Proportions of neurons showing different types of spiking responses to laser stimulation at the four recording sites. A, Representative neurons showing excitatory (left), lack of (middle), and inhibitory (right) spike responses to laser stimulation. Raw trains of single-trial spike responses are shown in the top plots, and their across-trial averages are shown in the bottom plots, where spike-firing rates are displayed as z-scores, binned in 100 ms windows, and normalized to the baseline (−500 to 0 ms relative to the laser stimulation). B, C, Percentages of neurons showing different types of spike responses to nociceptive stimulation, at each of the four recording sites (B, interneurons; C, pyramidal neurons). Excitatory, lack of, and inhibitory responses are coded in red, gray, and blue, respectively. The proportion of putative interneurons showing an excitatory response was larger in S1 than in M1, in both hemispheres. The proportion of interneurons showing an inhibitory response was smaller in contralateral S1 than in contralateral M1, but it was similar in the ipsilateral S1 and M1. In contrast, the proportion of pyramidal neurons with different types of responses was not different across the four recording sites. *p < 0.001. ns, Not significant.

Figure 7.

Spike-field coherence (SFC) to test whether laser-induced increases of spike firing in bilateral S1 and M1 occurred at specific phases of the laser-induced GBOs simultaneously recorded from the brain surface.
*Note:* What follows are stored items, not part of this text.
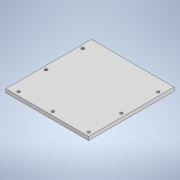
# Autodesk Inventor part: Bottle Base Plate
Saved by Autodesk Inventor 2021 (Build 250183000, 183)
## iProperties
Created: 2020-07-28
Part Number: Bottle Base Plate
Material: Generic
Document SubType Name: Modeling
Designer: jgray
Density: 1 g/cm^3
Appearance: Default
Author: jgray
Autodesk Inventor part; units mm, degrees
ref_plane "YZ Plane" through (0, 0, 0) normal (1, 0, 0) x (0, 1, 0)
ref_plane "XZ Plane" through (0, 0, 0) normal (0, 1, 0) x (-1, 0, 0)
ref_plane "XY Plane" through (0, 0, 0) normal (0, 0, 1) x (1, 0, 0)
sketch "Sketch1" plane through (0, 0, 0) normal (0, 1, 0) x (-1, 0, 0)
  line L0 (-56.25, 58.1) -> (56.25, 58.1)
  line L1 (56.25, 58.1) -> (56.25, -58.1)
  line L2 (56.25, -58.1) -> (-56.25, -58.1)
  line L3 (-56.25, -58.1) -> (-56.25, 58.1)
  line L4 (-56.25, 58.1) -> (56.25, -58.1) construction
  line L5 (56.25, 58.1) -> (-56.25, -58.1) construction
  point P0 (0, 0)
  dimension "d0" = 112.5
  dimension "d1" = 116.2
  constraints: 12 end point, 2 midpoint, 2 parallel, 1 horizontal, 1 perpendicular
  measures "d0" distance of L1.end L2.end
  measures "d1" distance of L0.end L1.end
extrude "Extrusion1" add sketch "Sketch1" along normal blind 5
sketch "Sketch3" plane through (0, 5, 0) normal (0, 1, 0) x (1, 0, 0)
  line L0 (-67.6879, -53.1) -> (61.6788, -53.1) construction
  line L1 (51.25, 64.0604) -> (51.25, -69.5663) construction
  line L2 (-51.25, 74.598) -> (-51.25, -75.8441) construction
  line L3 (-56.25, 58.1) -> (-56.25, -58.1) construction
  line L4 (56.25, -58.1) -> (56.25, 58.1) construction
  line L5 (-56.25, -58.1) -> (56.25, -58.1) construction
  line L6 (-98.6283, 41.4) -> (135.891, 41.4) construction
  line L7 (-92.1264, -8.6) -> (97.1034, -8.6) construction
  line L8 (56.25, 58.1) -> (-56.25, 58.1) construction
  point P0 (0, 0)
  point P1 (51.25, 41.4)
  point P2 (51.25, -8.6)
  point P3 (-51.25, 41.4)
  point P4 (-51.25, -8.6)
  point P5 (-43.95, -53.1)
  point P6 (2.65, -53.1)
  point P7 (51.25, -53.1)
  dimension "d21" = 5
  dimension "d22" = 5
  dimension "d23" = 5
  dimension "d34" = 12.3
  dimension "d35" = 58.9
  dimension "d36" = 107.5
  dimension "d37" = 49.5
  dimension "d38" = 99.5
  constraints: 11 point on line, 10 end point, 3 horizontal, 2 vertical
  measures "d21" distance between parallel lines of L2 L3
  measures "d22" distance between parallel lines of L4 L1
  measures "d23" distance between parallel lines of L5 L0
  measures "d34" distance from line of point (-43.95, -53.1) L3
  measures "d35" distance from line of point (2.65, -53.1) L3
  measures "d36" distance from line of point (51.25, -53.1) L3
  measures "d37" distance between parallel lines of L7 L5
  measures "d38" distance between parallel lines of L6 L5
hole "Hole1" at (51.25, 5, -41.4) at (51.25, 5, 8.6) at (-51.25, 5, -41.4) at (-51.25, 5, 8.6) at (-43.95, 5, 53.1) at (2.65, 5, 53.1) at (51.25, 5, 53.1) direction (0, -1, 0) diameter 3.8 end through all
body "Solid1"
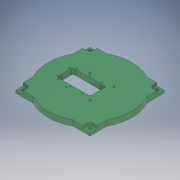
# Autodesk Inventor part: 000.202 - Крышка
Saved by Autodesk Inventor 2019 (Build 230136000, 136)
## iProperties
Created: 2020-03-17
Part Number: 000.202 - Крышка
Material: Пластик АБС
Document SubType Name: Modeling
Designer: Петров Иван
Density: 1.06 g/cm^3
Appearance: Гладкий — темный цвет морской волны
Author: Петров Иван
Autodesk Inventor part; units mm, degrees
ref_plane "YZ Plane" through (0, 0, 0) normal (1, 0, 0) x (0, 1, 0)
ref_plane "XZ Plane" through (0, 0, 0) normal (0, 1, 0) x (-1, 0, 0)
ref_plane "XY Plane" through (0, 0, 0) normal (0, 0, 1) x (1, 0, 0)
sketch "Эскиз1" plane through (0, 0, 0) normal (0, 0, 1) x (1, 0, 0)
  circle A0 centre (59.533, -59.533) radius 3 projected
  circle A1 centre (-59.533, -59.533) radius 3 projected
  circle A2 centre (-59.533, 59.533) radius 3 projected
  circle A3 centre (59.533, 59.533) radius 3 projected
  circle A4 centre (0, 0) radius 65 projected
  arc A5 (35.5618, 66.033) -> (-35.5618, 66.033) centre (0, 0) ccw projected
  line L0 (-35.5618, 66.033) -> (-66.033, 66.033) projected
  line L1 (-66.033, 66.033) -> (-66.033, 35.5618) projected
  arc A6 (-66.033, 35.5618) -> (-66.033, -35.5618) centre (0, 0) ccw projected
  line L2 (-66.033, -35.5618) -> (-66.033, -66.033) projected
  line L3 (-66.033, -66.033) -> (-35.5618, -66.033) projected
  arc A7 (-35.5618, -66.033) -> (35.5618, -66.033) centre (0, 0) ccw projected
  line L4 (35.5618, -66.033) -> (66.033, -66.033) projected
  line L5 (66.033, -66.033) -> (66.033, -35.5618) projected
  arc A8 (66.033, -35.5618) -> (66.033, 35.5618) centre (0, 0) ccw projected
  line L6 (66.033, 35.5618) -> (66.033, 66.033) projected
  line L7 (66.033, 66.033) -> (35.5618, 66.033) projected
  point P0 (0, 0)
extrude "Выдавливание1" add sketch "Эскиз1" along normal blind 10 contours A4 | L7 L6 A8 L5 L4 A7 L3 L2 A6 L1 L0 A5
sketch "Эскиз8" plane through (0, 0, 0) normal (0, 0, -1) x (-1, 0, 0)
  arc A0 (-18, 26.5) -> (-26.5, 18) centre (-18, 18) ccw
  line L0 (-26.5, -18) -> (-26.5, 18)
  arc A1 (-26.5, -18) -> (-18, -26.5) centre (-18, -18) ccw
  line L1 (18, -26.5) -> (-18, -26.5)
  arc A2 (18, -26.5) -> (26.5, -18) centre (18, -18) ccw
  line L2 (26.5, 18) -> (26.5, -18)
  arc A3 (26.5, 18) -> (18, 26.5) centre (18, 18) ccw
  line L3 (-18, 26.5) -> (18, 26.5)
  circle A4 centre (-21.2132, 21.2132) radius 1.5
  circle A5 centre (-21.2132, -21.2132) radius 1.5
  circle A6 centre (21.2132, -21.2132) radius 1.5
  circle A7 centre (21.2132, 21.2132) radius 1.5
  circle A8 centre (0, 0) radius 22
  constraints: 9 centre point, 8 end point, 8 point on circle
extrude "Выдавливание6" cut sketch "Эскиз8" against normal blind 10 contours A4 | A5 | A6 | A7
sketch "Эскиз9" plane through (0, 0, 0) normal (0, 0, -1) x (-1, 0, 0)
  line L0 (20.1, -44.6) -> (20.1, 8.5)
  line L1 (20.1, 8.5) -> (15, 14.5)
  line L2 (11.5, 14.5) -> (15, 14.5)
  line L3 (11.5, 14.5) -> (-11.5, 14.5)
  line L4 (-15, 14.5) -> (-11.5, 14.5)
  line L5 (-15, 14.5) -> (-20.1, 8.5)
  line L6 (-20.1, 8.5) -> (-20.1, -44.6)
  line L7 (-20.1, -44.6) -> (-15, -50.6)
  line L8 (-15, -50.6) -> (15, -50.6)
  line L9 (15, -50.6) -> (20.1, -44.6)
  circle A0 centre (11, -47.8) radius 1.025
  circle A1 centre (-11, -47.8) radius 1.025
  circle A2 centre (-17.3, -40) radius 1.025
  circle A3 centre (17.3, -40) radius 1.025
  circle A4 centre (17.3, -18) radius 1.025
  circle A5 centre (17.3, 4) radius 1.025
  circle A6 centre (-17.3, 4) radius 1.025
  circle A7 centre (0, 0) radius 1.55
  circle A8 centre (0, 0) radius 14
  line L10 (-14.5, 11.5) -> (-14.5, -42)
  arc A9 (-11.5, 14.5) -> (-14.5, 11.5) centre (-11.5, 11.5) ccw
  arc A10 (-14.5, -42) -> (-11.5, -45) centre (-11.5, -42) ccw
  line L11 (-20.1, 8.5) -> (-20.1, -44.6)
  arc A11 (14.5, 11.5) -> (11.5, 14.5) centre (11.5, 11.5) ccw
  line L12 (14.5, -42) -> (14.5, 11.5)
  arc A12 (11.5, -45) -> (14.5, -42) centre (11.5, -42) ccw
  line L13 (-11.5, -45) -> (11.5, -45)
  circle A13 centre (-17.3, -18) radius 1.025
  constraints: 28 end point, 14 centre point, 8 point on circle
extrude "Выдавливание7" cut sketch "Эскиз9" against normal blind 20.75 contours A11 L12 A12 L13 A10 L10 A9 L3 | A0 | A1 | A2 | A3 | A4 | A5 | A6 | A7 | A8 | A13
sketch "Эскиз10" plane through (0, 0, 0) normal (0, 0, -1) x (-1, 0, 0)
  circle A0 centre (59.533, -59.533) radius 3 projected
  circle A1 centre (59.533, -59.533) radius 6.5
  line L0 (66.033, -66.033) -> (35.5618, -66.033) projected
  line L1 (66.033, -35.5618) -> (66.033, -66.033) projected
  line L2 (59.533, -53.033) -> (66.033, -53.033)
  line L3 (66.033, -53.033) -> (66.033, -66.033)
  line L4 (66.033, -66.033) -> (53.033, -66.033)
  line L5 (53.033, -66.033) -> (53.033, -59.533)
  point P0 (0, 0)
  constraints: 8 end point, 2 parallel, 2 point on circle, 1 centre point, 1 coincident, 1 horizontal, 1 perpendicular, 1 tangent
extrude "Выдавливание8" cut sketch "Эскиз10" against normal blind 5
pattern_circular "Круговой массив1" count 4 over 360 about axis through (0, 0, 0) along (0, 0, 1) of "Выдавливание8"
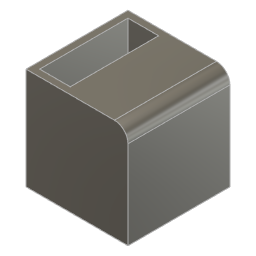
hollowbox v1 (Autodesk Fusion 360 design; units mm, degrees)
Autodesk Fusion 360 part; units mm, degrees
sketch "Sketch1" plane through (0, 0, 0) normal (0, 1, 0) x (1, 0, 0)
  line L0 (0, 0) -> (30, 0)
  line L1 (30, 0) -> (30, -30)
  line L2 (30, -30) -> (0, -30)
  line L3 (0, -30) -> (0, 0)
  dimension "d1" = 30
  dimension "d2" = 30
  constraint horizontal L0
  constraint vertical L1
  constraint horizontal L2
  constraint vertical L3
  constraint coincident L0.start L3.end
  measures "d1" distance of L0.start L0.end
  measures "d2" distance of L0.start L2.end
extrude "Extrude1" add sketch "Sketch1" along normal blind 30
shell "Shell1" thickness 2 removed faces 1 at (10, 30, 10)
sketch "Sketch2" plane through (28, 0, 0) normal (-1, 0, 0) x (0, 0, 1)
  line L0 (2, 2) -> (28, 2)
  line L1 (28, 2) -> (28, 30)
  line L2 (28, 30) -> (2, 30)
  line L3 (2, 30) -> (2, 2)
  line L4 (2, 30) -> (28, 30)
  line L5 (28, 30) -> (28, 26)
  line L6 (28, 26) -> (2, 26)
  line L7 (2, 26) -> (2, 30)
  dimension "d6" = 26
  dimension "d7" = 4
  constraint horizontal L4
  constraint vertical L5
  constraint horizontal L6
  constraint vertical L7
  constraint coincident L2.end L3.start
  measures "d6" distance of L2.end L1.end
  measures "d7" distance of L2.end L6.end
extrude "Extrude2" add sketch "Sketch2" along normal blind 17 contours L1 L2 L3 L4 L5 L6 L7
fillet "Fillet1" radius 4 1 edges at (30, 30, 15)

A, B, SFCs of putative interneurons (left) and pyramidal neurons (right) measured at superficial (A) and deep (B) layers. SFCs, represented as z-scores, are normalized to the baseline (i.e., 500 ms preceding the nociceptive stimulation). There was a high coherence between the spike-firing rates of interneurons in the superficial layers of contralateral S1 and the phase of epidural GBOs (60–100 Hz and 100–250 ms, marked using purple rectangles). SFCs of superficial interneurons were larger in contralateral S1 than in ipsilateral S1, but were similar in contralateral and ipsilateral M1. In contrast, SFCs of interneurons at deep layers or of pyramidal neurons at both superficial and deep layers were similar. Statistical results are summarized in Extended Data Figure 7-1. *p < 0.05. Error bars represent SEM.